Given records: Begin

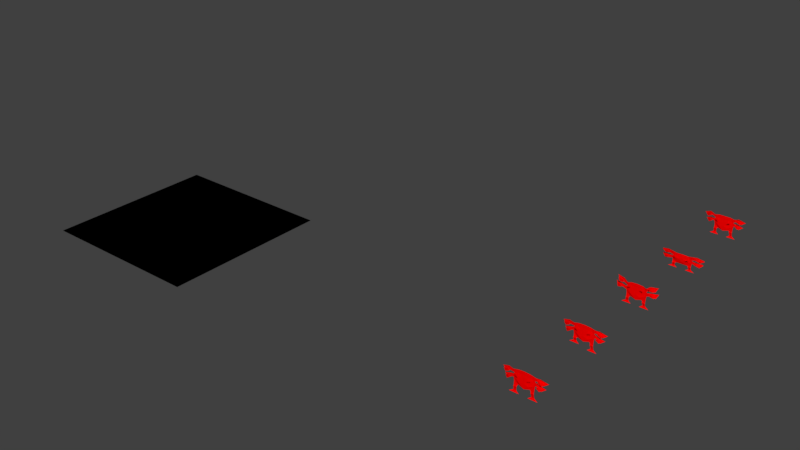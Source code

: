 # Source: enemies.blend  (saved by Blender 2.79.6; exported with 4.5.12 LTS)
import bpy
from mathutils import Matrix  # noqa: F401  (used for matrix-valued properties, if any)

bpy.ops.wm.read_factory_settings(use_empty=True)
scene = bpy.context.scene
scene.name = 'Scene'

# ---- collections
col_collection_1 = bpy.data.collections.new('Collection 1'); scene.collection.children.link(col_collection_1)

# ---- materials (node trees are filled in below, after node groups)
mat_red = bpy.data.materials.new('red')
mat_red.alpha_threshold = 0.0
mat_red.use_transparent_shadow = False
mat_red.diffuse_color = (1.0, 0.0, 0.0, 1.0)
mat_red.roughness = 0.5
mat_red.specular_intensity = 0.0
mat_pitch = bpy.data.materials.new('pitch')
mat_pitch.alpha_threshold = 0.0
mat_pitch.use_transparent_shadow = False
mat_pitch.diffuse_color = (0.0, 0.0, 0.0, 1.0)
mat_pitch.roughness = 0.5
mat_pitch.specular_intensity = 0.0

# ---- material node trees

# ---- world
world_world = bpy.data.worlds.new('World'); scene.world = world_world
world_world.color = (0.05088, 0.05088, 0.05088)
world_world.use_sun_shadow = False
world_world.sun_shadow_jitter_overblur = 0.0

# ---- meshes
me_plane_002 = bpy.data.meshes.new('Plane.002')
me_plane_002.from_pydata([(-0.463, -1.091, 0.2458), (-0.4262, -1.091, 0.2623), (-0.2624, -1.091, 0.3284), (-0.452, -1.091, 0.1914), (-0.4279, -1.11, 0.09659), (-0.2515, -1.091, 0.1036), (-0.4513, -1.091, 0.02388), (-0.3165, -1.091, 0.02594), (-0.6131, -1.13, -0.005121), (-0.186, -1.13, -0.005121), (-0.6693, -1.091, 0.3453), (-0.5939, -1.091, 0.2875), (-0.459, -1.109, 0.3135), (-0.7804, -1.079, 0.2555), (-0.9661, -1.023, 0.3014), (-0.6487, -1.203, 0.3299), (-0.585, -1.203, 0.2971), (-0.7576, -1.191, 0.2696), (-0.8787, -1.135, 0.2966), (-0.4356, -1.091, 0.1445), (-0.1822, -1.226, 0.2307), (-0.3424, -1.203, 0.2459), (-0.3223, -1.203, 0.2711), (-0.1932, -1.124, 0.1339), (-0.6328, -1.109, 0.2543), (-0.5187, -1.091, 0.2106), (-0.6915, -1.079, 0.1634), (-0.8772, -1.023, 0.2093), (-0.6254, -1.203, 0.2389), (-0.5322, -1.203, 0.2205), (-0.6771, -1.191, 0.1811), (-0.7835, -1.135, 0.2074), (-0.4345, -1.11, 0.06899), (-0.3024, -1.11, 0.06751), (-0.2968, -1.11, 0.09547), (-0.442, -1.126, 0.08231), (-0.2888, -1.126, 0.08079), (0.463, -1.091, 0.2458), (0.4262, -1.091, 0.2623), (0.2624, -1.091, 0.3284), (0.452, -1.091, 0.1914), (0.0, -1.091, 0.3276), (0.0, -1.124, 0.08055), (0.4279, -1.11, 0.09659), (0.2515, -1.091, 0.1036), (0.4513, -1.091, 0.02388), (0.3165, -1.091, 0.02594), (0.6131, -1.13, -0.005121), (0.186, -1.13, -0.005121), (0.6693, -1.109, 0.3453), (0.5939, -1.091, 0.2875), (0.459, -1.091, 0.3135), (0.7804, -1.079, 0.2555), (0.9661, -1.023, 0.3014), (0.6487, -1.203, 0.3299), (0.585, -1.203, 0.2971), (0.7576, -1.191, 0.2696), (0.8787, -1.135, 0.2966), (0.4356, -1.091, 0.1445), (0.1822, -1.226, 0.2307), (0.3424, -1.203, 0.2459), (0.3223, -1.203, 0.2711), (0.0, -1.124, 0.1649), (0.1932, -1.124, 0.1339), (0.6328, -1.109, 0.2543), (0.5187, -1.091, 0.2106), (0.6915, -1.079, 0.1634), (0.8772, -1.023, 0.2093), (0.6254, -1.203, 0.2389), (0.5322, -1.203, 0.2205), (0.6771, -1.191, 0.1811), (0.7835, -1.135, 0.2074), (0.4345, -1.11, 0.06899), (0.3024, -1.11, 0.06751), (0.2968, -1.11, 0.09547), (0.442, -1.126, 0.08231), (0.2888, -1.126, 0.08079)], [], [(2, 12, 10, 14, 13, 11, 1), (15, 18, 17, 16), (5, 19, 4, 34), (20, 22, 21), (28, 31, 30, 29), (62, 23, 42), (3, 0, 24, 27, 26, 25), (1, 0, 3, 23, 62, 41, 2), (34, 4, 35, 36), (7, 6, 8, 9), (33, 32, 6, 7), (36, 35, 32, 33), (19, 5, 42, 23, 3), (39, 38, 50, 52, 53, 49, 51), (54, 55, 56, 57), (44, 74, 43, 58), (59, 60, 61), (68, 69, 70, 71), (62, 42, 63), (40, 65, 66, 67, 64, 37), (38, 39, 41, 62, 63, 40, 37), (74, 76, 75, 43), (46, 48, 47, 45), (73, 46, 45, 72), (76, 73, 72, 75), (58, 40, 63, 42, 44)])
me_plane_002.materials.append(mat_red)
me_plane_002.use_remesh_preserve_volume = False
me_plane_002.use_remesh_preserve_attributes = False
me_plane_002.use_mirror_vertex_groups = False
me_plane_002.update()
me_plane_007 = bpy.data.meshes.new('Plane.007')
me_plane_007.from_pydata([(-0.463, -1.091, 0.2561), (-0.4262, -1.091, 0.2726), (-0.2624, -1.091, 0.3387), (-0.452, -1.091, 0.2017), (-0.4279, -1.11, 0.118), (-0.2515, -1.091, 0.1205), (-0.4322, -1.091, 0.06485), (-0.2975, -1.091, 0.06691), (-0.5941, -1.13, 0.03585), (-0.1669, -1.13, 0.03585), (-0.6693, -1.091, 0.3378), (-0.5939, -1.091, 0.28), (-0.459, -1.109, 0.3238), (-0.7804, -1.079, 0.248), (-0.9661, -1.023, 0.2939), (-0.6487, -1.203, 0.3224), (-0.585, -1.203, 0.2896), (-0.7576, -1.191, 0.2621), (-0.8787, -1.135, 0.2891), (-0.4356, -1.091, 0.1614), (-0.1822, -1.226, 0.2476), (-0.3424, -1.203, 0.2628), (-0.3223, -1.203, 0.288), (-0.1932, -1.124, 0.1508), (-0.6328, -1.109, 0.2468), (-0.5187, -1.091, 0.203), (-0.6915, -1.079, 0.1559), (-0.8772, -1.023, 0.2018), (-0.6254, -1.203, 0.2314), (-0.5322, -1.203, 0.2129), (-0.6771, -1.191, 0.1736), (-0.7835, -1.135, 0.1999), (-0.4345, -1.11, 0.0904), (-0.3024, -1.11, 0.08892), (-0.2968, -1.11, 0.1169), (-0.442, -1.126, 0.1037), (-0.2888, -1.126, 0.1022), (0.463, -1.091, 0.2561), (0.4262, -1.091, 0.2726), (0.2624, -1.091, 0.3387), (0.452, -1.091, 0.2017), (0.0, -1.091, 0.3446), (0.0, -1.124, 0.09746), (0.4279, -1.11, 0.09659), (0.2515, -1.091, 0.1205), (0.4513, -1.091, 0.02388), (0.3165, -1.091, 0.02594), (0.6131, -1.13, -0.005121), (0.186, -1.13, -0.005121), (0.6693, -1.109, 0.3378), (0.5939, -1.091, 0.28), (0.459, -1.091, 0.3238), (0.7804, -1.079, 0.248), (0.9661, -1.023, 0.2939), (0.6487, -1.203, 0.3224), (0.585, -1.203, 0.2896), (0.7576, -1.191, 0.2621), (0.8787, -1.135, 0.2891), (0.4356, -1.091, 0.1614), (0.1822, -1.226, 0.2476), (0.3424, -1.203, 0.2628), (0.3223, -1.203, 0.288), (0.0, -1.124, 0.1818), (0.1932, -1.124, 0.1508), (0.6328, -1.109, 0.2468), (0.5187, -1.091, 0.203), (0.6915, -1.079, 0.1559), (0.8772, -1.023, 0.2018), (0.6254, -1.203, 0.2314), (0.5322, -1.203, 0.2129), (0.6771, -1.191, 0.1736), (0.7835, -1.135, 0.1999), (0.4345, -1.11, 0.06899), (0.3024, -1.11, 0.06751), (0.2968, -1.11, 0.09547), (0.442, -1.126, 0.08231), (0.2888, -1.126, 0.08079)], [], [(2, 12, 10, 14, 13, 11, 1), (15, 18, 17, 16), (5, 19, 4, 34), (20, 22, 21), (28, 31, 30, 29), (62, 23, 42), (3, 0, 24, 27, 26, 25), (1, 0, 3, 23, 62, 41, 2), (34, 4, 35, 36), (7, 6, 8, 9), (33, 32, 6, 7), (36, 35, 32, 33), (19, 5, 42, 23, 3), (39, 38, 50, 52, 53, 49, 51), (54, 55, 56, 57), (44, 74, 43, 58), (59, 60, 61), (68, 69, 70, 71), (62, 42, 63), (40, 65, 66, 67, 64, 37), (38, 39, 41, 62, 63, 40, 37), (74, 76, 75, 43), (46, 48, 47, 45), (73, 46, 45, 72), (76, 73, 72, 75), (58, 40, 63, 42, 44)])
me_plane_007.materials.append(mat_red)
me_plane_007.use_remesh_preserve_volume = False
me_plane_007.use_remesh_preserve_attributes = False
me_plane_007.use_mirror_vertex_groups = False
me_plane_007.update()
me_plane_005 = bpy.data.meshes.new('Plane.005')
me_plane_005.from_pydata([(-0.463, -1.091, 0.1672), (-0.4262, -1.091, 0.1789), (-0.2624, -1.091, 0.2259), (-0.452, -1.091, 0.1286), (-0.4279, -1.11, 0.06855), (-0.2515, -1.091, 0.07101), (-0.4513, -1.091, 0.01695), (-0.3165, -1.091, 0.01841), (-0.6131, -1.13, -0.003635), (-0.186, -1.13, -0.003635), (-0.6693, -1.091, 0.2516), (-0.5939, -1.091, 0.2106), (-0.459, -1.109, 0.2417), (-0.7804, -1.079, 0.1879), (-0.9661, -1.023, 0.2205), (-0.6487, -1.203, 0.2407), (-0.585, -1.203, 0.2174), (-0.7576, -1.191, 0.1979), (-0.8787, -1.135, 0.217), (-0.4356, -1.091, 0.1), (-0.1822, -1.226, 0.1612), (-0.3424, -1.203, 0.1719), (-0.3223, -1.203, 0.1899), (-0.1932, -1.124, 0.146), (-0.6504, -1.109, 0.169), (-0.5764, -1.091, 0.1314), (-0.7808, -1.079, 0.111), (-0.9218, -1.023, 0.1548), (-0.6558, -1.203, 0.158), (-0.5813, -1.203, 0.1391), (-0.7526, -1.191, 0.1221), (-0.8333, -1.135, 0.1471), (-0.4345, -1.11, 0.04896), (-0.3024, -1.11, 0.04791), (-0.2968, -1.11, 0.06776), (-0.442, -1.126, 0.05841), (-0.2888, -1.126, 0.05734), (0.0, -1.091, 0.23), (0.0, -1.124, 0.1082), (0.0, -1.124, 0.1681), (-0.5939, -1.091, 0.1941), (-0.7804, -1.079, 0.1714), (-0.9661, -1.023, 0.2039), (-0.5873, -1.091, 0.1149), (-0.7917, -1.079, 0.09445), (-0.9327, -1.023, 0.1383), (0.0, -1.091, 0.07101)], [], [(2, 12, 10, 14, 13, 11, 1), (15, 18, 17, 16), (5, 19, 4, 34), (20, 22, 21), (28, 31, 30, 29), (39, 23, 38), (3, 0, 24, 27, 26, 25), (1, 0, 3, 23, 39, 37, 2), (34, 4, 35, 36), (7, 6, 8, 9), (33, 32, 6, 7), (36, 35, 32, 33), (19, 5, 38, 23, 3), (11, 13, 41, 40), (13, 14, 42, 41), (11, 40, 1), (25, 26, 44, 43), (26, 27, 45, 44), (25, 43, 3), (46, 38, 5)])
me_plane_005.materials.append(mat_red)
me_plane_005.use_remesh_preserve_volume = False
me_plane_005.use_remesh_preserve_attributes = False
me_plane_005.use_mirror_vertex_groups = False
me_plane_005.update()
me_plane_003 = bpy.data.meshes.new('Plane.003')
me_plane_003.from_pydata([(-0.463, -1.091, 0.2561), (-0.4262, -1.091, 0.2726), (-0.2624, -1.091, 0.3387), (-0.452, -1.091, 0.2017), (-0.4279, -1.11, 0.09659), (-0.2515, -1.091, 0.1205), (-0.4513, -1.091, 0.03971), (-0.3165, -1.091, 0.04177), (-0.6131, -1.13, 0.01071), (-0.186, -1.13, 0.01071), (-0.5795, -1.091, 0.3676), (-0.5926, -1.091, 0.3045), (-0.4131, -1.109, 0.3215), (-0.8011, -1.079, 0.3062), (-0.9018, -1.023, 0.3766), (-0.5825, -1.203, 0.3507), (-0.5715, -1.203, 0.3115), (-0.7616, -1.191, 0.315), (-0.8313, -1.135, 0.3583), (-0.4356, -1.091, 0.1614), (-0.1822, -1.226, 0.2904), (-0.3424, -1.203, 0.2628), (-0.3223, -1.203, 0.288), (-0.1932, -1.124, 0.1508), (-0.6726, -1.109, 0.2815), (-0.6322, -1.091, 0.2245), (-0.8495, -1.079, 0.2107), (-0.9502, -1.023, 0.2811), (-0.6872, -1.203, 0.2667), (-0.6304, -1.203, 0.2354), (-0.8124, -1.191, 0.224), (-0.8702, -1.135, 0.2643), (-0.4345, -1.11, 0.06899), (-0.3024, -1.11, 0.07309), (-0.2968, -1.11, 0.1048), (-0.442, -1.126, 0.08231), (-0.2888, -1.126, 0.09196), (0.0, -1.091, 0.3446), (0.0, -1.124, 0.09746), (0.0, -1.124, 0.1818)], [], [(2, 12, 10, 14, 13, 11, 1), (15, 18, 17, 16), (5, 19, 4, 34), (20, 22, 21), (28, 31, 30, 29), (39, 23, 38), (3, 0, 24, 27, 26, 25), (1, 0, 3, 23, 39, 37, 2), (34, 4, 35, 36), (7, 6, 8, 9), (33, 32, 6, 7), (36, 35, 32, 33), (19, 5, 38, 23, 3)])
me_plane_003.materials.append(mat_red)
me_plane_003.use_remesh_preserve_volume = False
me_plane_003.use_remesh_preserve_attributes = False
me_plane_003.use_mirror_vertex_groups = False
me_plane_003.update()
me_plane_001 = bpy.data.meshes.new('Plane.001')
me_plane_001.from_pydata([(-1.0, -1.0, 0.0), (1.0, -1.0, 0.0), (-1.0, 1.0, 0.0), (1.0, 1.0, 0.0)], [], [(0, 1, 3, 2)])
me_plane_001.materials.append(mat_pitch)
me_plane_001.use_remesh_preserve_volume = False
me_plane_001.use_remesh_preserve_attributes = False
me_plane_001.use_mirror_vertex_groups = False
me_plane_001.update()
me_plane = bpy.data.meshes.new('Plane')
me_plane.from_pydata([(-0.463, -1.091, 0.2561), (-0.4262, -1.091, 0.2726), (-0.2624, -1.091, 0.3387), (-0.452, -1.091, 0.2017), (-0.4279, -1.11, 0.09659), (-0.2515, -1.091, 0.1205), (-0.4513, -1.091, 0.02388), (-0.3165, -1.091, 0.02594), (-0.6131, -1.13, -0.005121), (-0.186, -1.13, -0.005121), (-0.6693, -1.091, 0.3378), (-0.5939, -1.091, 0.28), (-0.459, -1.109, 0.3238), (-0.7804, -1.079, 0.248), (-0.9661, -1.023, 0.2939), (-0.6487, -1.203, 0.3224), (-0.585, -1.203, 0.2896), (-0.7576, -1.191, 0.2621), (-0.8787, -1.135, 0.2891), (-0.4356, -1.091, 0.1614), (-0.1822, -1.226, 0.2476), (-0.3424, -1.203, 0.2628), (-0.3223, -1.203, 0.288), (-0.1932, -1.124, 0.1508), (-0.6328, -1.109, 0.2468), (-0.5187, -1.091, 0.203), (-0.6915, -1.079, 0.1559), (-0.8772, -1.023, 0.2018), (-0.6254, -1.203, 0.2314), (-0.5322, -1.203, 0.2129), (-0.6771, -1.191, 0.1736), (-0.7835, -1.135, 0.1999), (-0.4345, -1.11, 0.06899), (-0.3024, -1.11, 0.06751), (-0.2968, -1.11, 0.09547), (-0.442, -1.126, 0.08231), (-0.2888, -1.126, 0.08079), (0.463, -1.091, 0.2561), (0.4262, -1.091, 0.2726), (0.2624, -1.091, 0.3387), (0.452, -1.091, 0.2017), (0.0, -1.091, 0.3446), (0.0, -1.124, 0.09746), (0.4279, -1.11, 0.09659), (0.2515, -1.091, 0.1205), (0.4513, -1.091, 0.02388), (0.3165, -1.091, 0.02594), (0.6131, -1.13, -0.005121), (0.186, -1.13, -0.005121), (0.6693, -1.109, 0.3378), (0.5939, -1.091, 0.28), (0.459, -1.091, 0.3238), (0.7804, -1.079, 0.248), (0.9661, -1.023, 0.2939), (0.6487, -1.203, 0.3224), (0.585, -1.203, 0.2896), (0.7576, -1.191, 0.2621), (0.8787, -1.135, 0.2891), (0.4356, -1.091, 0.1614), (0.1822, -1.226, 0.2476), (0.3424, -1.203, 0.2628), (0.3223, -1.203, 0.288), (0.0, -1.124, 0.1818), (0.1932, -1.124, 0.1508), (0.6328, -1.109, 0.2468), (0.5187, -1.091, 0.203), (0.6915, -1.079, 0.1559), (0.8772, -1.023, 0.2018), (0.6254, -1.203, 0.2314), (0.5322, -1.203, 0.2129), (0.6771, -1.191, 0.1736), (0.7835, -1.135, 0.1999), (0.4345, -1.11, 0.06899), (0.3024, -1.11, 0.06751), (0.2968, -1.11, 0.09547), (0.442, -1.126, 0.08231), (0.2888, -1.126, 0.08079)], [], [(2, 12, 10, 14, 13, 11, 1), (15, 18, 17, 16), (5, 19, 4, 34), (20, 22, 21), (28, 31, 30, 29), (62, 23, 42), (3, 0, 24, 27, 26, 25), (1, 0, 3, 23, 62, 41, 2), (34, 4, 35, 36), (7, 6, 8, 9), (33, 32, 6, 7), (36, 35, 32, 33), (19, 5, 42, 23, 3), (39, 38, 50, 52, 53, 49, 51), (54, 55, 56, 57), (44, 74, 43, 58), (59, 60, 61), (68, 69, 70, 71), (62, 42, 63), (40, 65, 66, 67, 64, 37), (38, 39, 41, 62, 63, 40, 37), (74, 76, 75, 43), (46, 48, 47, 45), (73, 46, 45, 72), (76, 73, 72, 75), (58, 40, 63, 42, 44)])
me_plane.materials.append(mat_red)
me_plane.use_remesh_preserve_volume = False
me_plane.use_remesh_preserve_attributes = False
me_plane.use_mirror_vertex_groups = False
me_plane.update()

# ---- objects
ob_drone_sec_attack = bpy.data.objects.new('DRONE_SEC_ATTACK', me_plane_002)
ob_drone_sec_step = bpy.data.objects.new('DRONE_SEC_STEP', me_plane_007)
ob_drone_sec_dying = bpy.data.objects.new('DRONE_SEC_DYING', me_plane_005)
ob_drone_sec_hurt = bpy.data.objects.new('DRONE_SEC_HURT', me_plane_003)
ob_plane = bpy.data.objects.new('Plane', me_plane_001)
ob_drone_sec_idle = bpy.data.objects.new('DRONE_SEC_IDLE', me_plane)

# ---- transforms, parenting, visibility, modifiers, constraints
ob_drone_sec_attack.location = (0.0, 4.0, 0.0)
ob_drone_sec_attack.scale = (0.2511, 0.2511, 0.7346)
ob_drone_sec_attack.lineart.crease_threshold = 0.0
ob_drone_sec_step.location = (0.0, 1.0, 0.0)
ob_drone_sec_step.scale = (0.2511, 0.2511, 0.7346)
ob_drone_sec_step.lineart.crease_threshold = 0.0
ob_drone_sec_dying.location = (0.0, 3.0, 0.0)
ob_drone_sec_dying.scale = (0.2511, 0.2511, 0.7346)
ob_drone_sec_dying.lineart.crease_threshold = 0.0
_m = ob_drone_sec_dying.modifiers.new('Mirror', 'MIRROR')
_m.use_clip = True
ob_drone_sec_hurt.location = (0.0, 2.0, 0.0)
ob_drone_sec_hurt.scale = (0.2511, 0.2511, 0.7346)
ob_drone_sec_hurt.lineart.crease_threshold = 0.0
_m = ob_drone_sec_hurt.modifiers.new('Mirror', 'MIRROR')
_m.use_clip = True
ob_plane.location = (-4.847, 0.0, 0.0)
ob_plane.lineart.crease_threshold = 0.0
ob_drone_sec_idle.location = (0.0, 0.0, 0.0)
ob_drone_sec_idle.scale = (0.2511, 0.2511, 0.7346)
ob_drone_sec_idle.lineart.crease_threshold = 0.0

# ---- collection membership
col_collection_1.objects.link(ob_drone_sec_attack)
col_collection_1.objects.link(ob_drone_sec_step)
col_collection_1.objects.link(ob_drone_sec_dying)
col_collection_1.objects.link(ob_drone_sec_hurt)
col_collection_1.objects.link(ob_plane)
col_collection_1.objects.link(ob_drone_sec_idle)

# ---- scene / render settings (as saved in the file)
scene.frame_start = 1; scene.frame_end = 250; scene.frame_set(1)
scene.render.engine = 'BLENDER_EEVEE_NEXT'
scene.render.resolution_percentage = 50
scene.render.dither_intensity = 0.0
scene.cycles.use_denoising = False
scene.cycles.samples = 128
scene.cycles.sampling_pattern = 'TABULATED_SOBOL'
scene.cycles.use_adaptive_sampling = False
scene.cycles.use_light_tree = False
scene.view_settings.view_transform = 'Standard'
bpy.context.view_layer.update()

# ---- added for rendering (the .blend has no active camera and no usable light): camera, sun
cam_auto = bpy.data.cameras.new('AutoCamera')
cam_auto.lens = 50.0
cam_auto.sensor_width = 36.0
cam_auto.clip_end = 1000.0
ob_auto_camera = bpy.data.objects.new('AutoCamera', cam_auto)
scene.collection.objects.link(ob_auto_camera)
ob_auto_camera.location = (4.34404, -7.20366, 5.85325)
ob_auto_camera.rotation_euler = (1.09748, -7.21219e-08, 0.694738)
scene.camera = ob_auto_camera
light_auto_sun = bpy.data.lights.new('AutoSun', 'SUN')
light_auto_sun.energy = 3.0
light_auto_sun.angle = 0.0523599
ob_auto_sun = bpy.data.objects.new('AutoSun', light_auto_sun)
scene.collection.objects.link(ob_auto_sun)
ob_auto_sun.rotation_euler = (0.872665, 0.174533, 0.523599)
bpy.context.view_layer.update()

Given records: End

Work required =>
Repeat, word for word, every line from the line that contains "ob_drone_sec_hurt.location = (0.0, 2.0, 0.0)" to the end of the entries; include both of those lines and no others.

Solution for this exercise =>
ob_drone_sec_hurt.location = (0.0, 2.0, 0.0)
ob_drone_sec_hurt.scale = (0.2511, 0.2511, 0.7346)
ob_drone_sec_hurt.lineart.crease_threshold = 0.0
_m = ob_drone_sec_hurt.modifiers.new('Mirror', 'MIRROR')
_m.use_clip = True
ob_plane.location = (-4.847, 0.0, 0.0)
ob_plane.lineart.crease_threshold = 0.0
ob_drone_sec_idle.location = (0.0, 0.0, 0.0)
ob_drone_sec_idle.scale = (0.2511, 0.2511, 0.7346)
ob_drone_sec_idle.lineart.crease_threshold = 0.0

# ---- collection membership
col_collection_1.objects.link(ob_drone_sec_attack)
col_collection_1.objects.link(ob_drone_sec_step)
col_collection_1.objects.link(ob_drone_sec_dying)
col_collection_1.objects.link(ob_drone_sec_hurt)
col_collection_1.objects.link(ob_plane)
col_collection_1.objects.link(ob_drone_sec_idle)

# ---- scene / render settings (as saved in the file)
scene.frame_start = 1; scene.frame_end = 250; scene.frame_set(1)
scene.render.engine = 'BLENDER_EEVEE_NEXT'
scene.render.resolution_percentage = 50
scene.render.dither_intensity = 0.0
scene.cycles.use_denoising = False
scene.cycles.samples = 128
scene.cycles.sampling_pattern = 'TABULATED_SOBOL'
scene.cycles.use_adaptive_sampling = False
scene.cycles.use_light_tree = False
scene.view_settings.view_transform = 'Standard'
bpy.context.view_layer.update()

# ---- added for rendering (the .blend has no active camera and no usable light): camera, sun
cam_auto = bpy.data.cameras.new('AutoCamera')
cam_auto.lens = 50.0
cam_auto.sensor_width = 36.0
cam_auto.clip_end = 1000.0
ob_auto_camera = bpy.data.objects.new('AutoCamera', cam_auto)
scene.collection.objects.link(ob_auto_camera)
ob_auto_camera.location = (4.34404, -7.20366, 5.85325)
ob_auto_camera.rotation_euler = (1.09748, -7.21219e-08, 0.694738)
scene.camera = ob_auto_camera
light_auto_sun = bpy.data.lights.new('AutoSun', 'SUN')
light_auto_sun.energy = 3.0
light_auto_sun.angle = 0.0523599
ob_auto_sun = bpy.data.objects.new('AutoSun', light_auto_sun)
scene.collection.objects.link(ob_auto_sun)
ob_auto_sun.rotation_euler = (0.872665, 0.174533, 0.523599)
bpy.context.view_layer.update()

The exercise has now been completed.